# Exercise prompt
Retype the opening lines of the listing below, ending with the line that contains "#1989 = ADVANCED_FACE", and leave out any pictures.
+++++
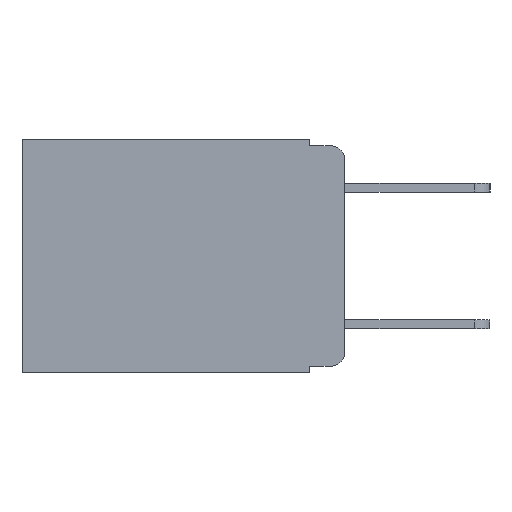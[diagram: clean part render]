
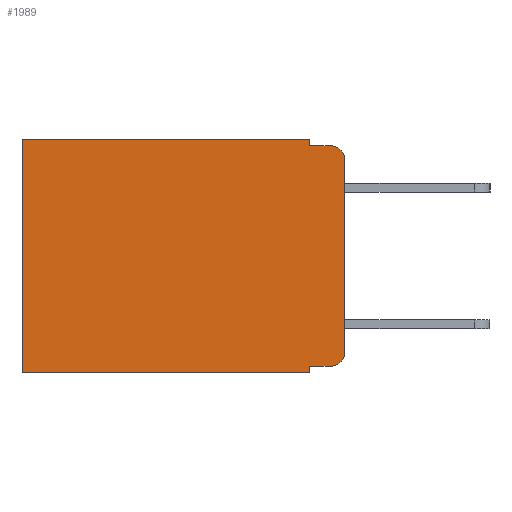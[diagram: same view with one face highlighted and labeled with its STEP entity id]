
A CAD part, left-side view. The second image highlights one B-rep face of the part: STEP entity #1989.
In plain terms, the highlighted planar face has unit normal (-1, 0, 0).
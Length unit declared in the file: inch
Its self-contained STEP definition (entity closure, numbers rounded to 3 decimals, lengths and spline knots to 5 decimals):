
#588 = CARTESIAN_POINT ( 'NONE',  ( 0.298, 0.473, 0. ) ) ;
#1059 = VERTEX_POINT ( 'NONE', #8483 ) ;
#1393 = LINE ( 'NONE', #14352, #9942 ) ;
#1989 = ADVANCED_FACE ( 'NONE', ( #6797 ), #18513, .F. ) ;
#2405 = EDGE_CURVE ( 'NONE', #15409, #12385, #18433, .T. ) ;
#2492 = DIRECTION ( 'NONE',  ( 0., 0., -1. ) ) ;
#2662 = CARTESIAN_POINT ( 'NONE',  ( 0.298, 0.051, 0. ) ) ;
#2850 = EDGE_CURVE ( 'NONE', #4657, #14928, #7770, .T. ) ;
#3122 = LINE ( 'NONE', #7167, #10884 ) ;
#3137 = EDGE_CURVE ( 'NONE', #11903, #12968, #8726, .T. ) ;
#3144 = EDGE_CURVE ( 'NONE', #11903, #16406, #15882, .T. ) ;
#3167 = EDGE_CURVE ( 'NONE', #1059, #16406, #7732, .T. ) ;
#3172 = EDGE_CURVE ( 'NONE', #15409, #1059, #15064, .T. ) ;
#3177 = EDGE_CURVE ( 'NONE', #12385, #14928, #3122, .T. ) ;
#3202 = EDGE_CURVE ( 'NONE', #15645, #4657, #17321, .T. ) ;
#3204 = EDGE_CURVE ( 'NONE', #15645, #3846, #1393, .T. ) ;
#3205 = EDGE_CURVE ( 'NONE', #3846, #12968, #13827, .T. ) ;
#3607 = CARTESIAN_POINT ( 'NONE',  ( 0.298, 0.473, -0.343 ) ) ;
#3846 = VERTEX_POINT ( 'NONE', #15287 ) ;
#4303 = ORIENTED_EDGE ( 'NONE', *, *, #2850, .F. ) ;
#4657 = VERTEX_POINT ( 'NONE', #11066 ) ;
#4990 = CARTESIAN_POINT ( 'NONE',  ( 0.298, 0., -0.03 ) ) ;
#5545 = AXIS2_PLACEMENT_3D ( 'NONE', #7757, #7616, #12904 ) ;
#5966 = ORIENTED_EDGE ( 'NONE', *, *, #3202, .F. ) ;
#6104 = CARTESIAN_POINT ( 'NONE',  ( 0.298, 0.051, 0. ) ) ;
#6218 = ORIENTED_EDGE ( 'NONE', *, *, #3205, .T. ) ;
#6707 = DIRECTION ( 'NONE',  ( -1., 0., 0. ) ) ;
#6797 = FACE_OUTER_BOUND ( 'NONE', #13076, .T. ) ;
#6806 = CARTESIAN_POINT ( 'NONE',  ( 0.298, 0.02, -0.313 ) ) ;
#7167 = CARTESIAN_POINT ( 'NONE',  ( 0.298, 0.473, 0. ) ) ;
#7479 = DIRECTION ( 'NONE',  ( 0., 0., -1. ) ) ;
#7616 = DIRECTION ( 'NONE',  ( -1., 0., 0. ) ) ;
#7732 = LINE ( 'NONE', #15089, #18571 ) ;
#7757 = CARTESIAN_POINT ( 'NONE',  ( 0.298, 0.02, -0.03 ) ) ;
#7770 = LINE ( 'NONE', #10816, #15097 ) ;
#8101 = DIRECTION ( 'NONE',  ( 0., 0., -1. ) ) ;
#8276 = DIRECTION ( 'NONE',  ( 0., 1., 0. ) ) ;
#8302 = CARTESIAN_POINT ( 'NONE',  ( 0.298, 0.051, 0. ) ) ;
#8483 = CARTESIAN_POINT ( 'NONE',  ( 0.298, 0.051, -0.01 ) ) ;
#8726 = LINE ( 'NONE', #18813, #12235 ) ;
#9184 = DIRECTION ( 'NONE',  ( 0., -1., 0. ) ) ;
#9351 = ORIENTED_EDGE ( 'NONE', *, *, #3204, .T. ) ;
#9922 = ORIENTED_EDGE ( 'NONE', *, *, #3137, .F. ) ;
#9942 = VECTOR ( 'NONE', #14998, 39.37008 ) ;
#10660 = DIRECTION ( 'NONE',  ( 0., 1., 0. ) ) ;
#10816 = CARTESIAN_POINT ( 'NONE',  ( 0.298, 0., -0.343 ) ) ;
#10884 = VECTOR ( 'NONE', #14697, 39.37008 ) ;
#11066 = CARTESIAN_POINT ( 'NONE',  ( 0.298, 0.051, -0.343 ) ) ;
#11351 = VECTOR ( 'NONE', #2492, 39.37008 ) ;
#11700 = CARTESIAN_POINT ( 'NONE',  ( 0.298, 0., 0. ) ) ;
#11771 = ORIENTED_EDGE ( 'NONE', *, *, #3144, .T. ) ;
#11903 = VERTEX_POINT ( 'NONE', #4990 ) ;
#12235 = VECTOR ( 'NONE', #8101, 39.37008 ) ;
#12385 = VERTEX_POINT ( 'NONE', #588 ) ;
#12464 = DIRECTION ( 'NONE',  ( 0., 0., -1. ) ) ;
#12904 = DIRECTION ( 'NONE',  ( 0., 0., -1. ) ) ;
#12948 = ORIENTED_EDGE ( 'NONE', *, *, #3167, .F. ) ;
#12968 = VERTEX_POINT ( 'NONE', #17569 ) ;
#13076 = EDGE_LOOP ( 'NONE', ( #9922, #11771, #12948, #13212, #13668, #15655, #4303, #5966, #9351, #6218 ) ) ;
#13212 = ORIENTED_EDGE ( 'NONE', *, *, #3172, .F. ) ;
#13668 = ORIENTED_EDGE ( 'NONE', *, *, #2405, .T. ) ;
#13827 = CIRCLE ( 'NONE', #17373, 0.02 ) ;
#14352 = CARTESIAN_POINT ( 'NONE',  ( 0.298, 0.051, -0.333 ) ) ;
#14697 = DIRECTION ( 'NONE',  ( 0., 0., -1. ) ) ;
#14928 = VERTEX_POINT ( 'NONE', #3607 ) ;
#14998 = DIRECTION ( 'NONE',  ( 0., -1., 0. ) ) ;
#15064 = LINE ( 'NONE', #2662, #11351 ) ;
#15089 = CARTESIAN_POINT ( 'NONE',  ( 0.298, 0.051, -0.01 ) ) ;
#15097 = VECTOR ( 'NONE', #10660, 39.37008 ) ;
#15287 = CARTESIAN_POINT ( 'NONE',  ( 0.298, 0.02, -0.333 ) ) ;
#15409 = VERTEX_POINT ( 'NONE', #6104 ) ;
#15645 = VERTEX_POINT ( 'NONE', #16585 ) ;
#15655 = ORIENTED_EDGE ( 'NONE', *, *, #3177, .T. ) ;
#15688 = AXIS2_PLACEMENT_3D ( 'NONE', #18562, #18710, #18697 ) ;
#15882 = CIRCLE ( 'NONE', #5545, 0.02 ) ;
#16396 = CARTESIAN_POINT ( 'NONE',  ( 0.298, 0.02, -0.01 ) ) ;
#16406 = VERTEX_POINT ( 'NONE', #16396 ) ;
#16585 = CARTESIAN_POINT ( 'NONE',  ( 0.298, 0.051, -0.333 ) ) ;
#17321 = LINE ( 'NONE', #8302, #18169 ) ;
#17373 = AXIS2_PLACEMENT_3D ( 'NONE', #6806, #6707, #7479 ) ;
#17569 = CARTESIAN_POINT ( 'NONE',  ( 0.298, 0., -0.313 ) ) ;
#18169 = VECTOR ( 'NONE', #12464, 39.37008 ) ;
#18433 = LINE ( 'NONE', #11700, #18808 ) ;
#18513 = PLANE ( 'NONE',  #15688 ) ;
#18562 = CARTESIAN_POINT ( 'NONE',  ( 0.298, 0., 0. ) ) ;
#18571 = VECTOR ( 'NONE', #9184, 39.37008 ) ;
#18697 = DIRECTION ( 'NONE',  ( 0., 0., -1. ) ) ;
#18710 = DIRECTION ( 'NONE',  ( 1., 0., 0. ) ) ;
#18808 = VECTOR ( 'NONE', #8276, 39.37008 ) ;
#18813 = CARTESIAN_POINT ( 'NONE',  ( 0.298, 0., 0. ) ) ;
+++++
# Answer
[diagram: clean part render]
[diagram: same view with one face highlighted and labeled with its STEP entity id]
A CAD part, left-side view. The second image highlights one B-rep face of the part: STEP entity #1989.
In plain terms, the highlighted planar face has unit normal (-1, 0, 0).
Length unit declared in the file: inch
Its self-contained STEP definition (entity closure, numbers rounded to 3 decimals, lengths and spline knots to 5 decimals):
#588 = CARTESIAN_POINT ( 'NONE',  ( 0.298, 0.473, 0. ) ) ;
#1059 = VERTEX_POINT ( 'NONE', #8483 ) ;
#1393 = LINE ( 'NONE', #14352, #9942 ) ;
#1989 = ADVANCED_FACE ( 'NONE', ( #6797 ), #18513, .F. ) ;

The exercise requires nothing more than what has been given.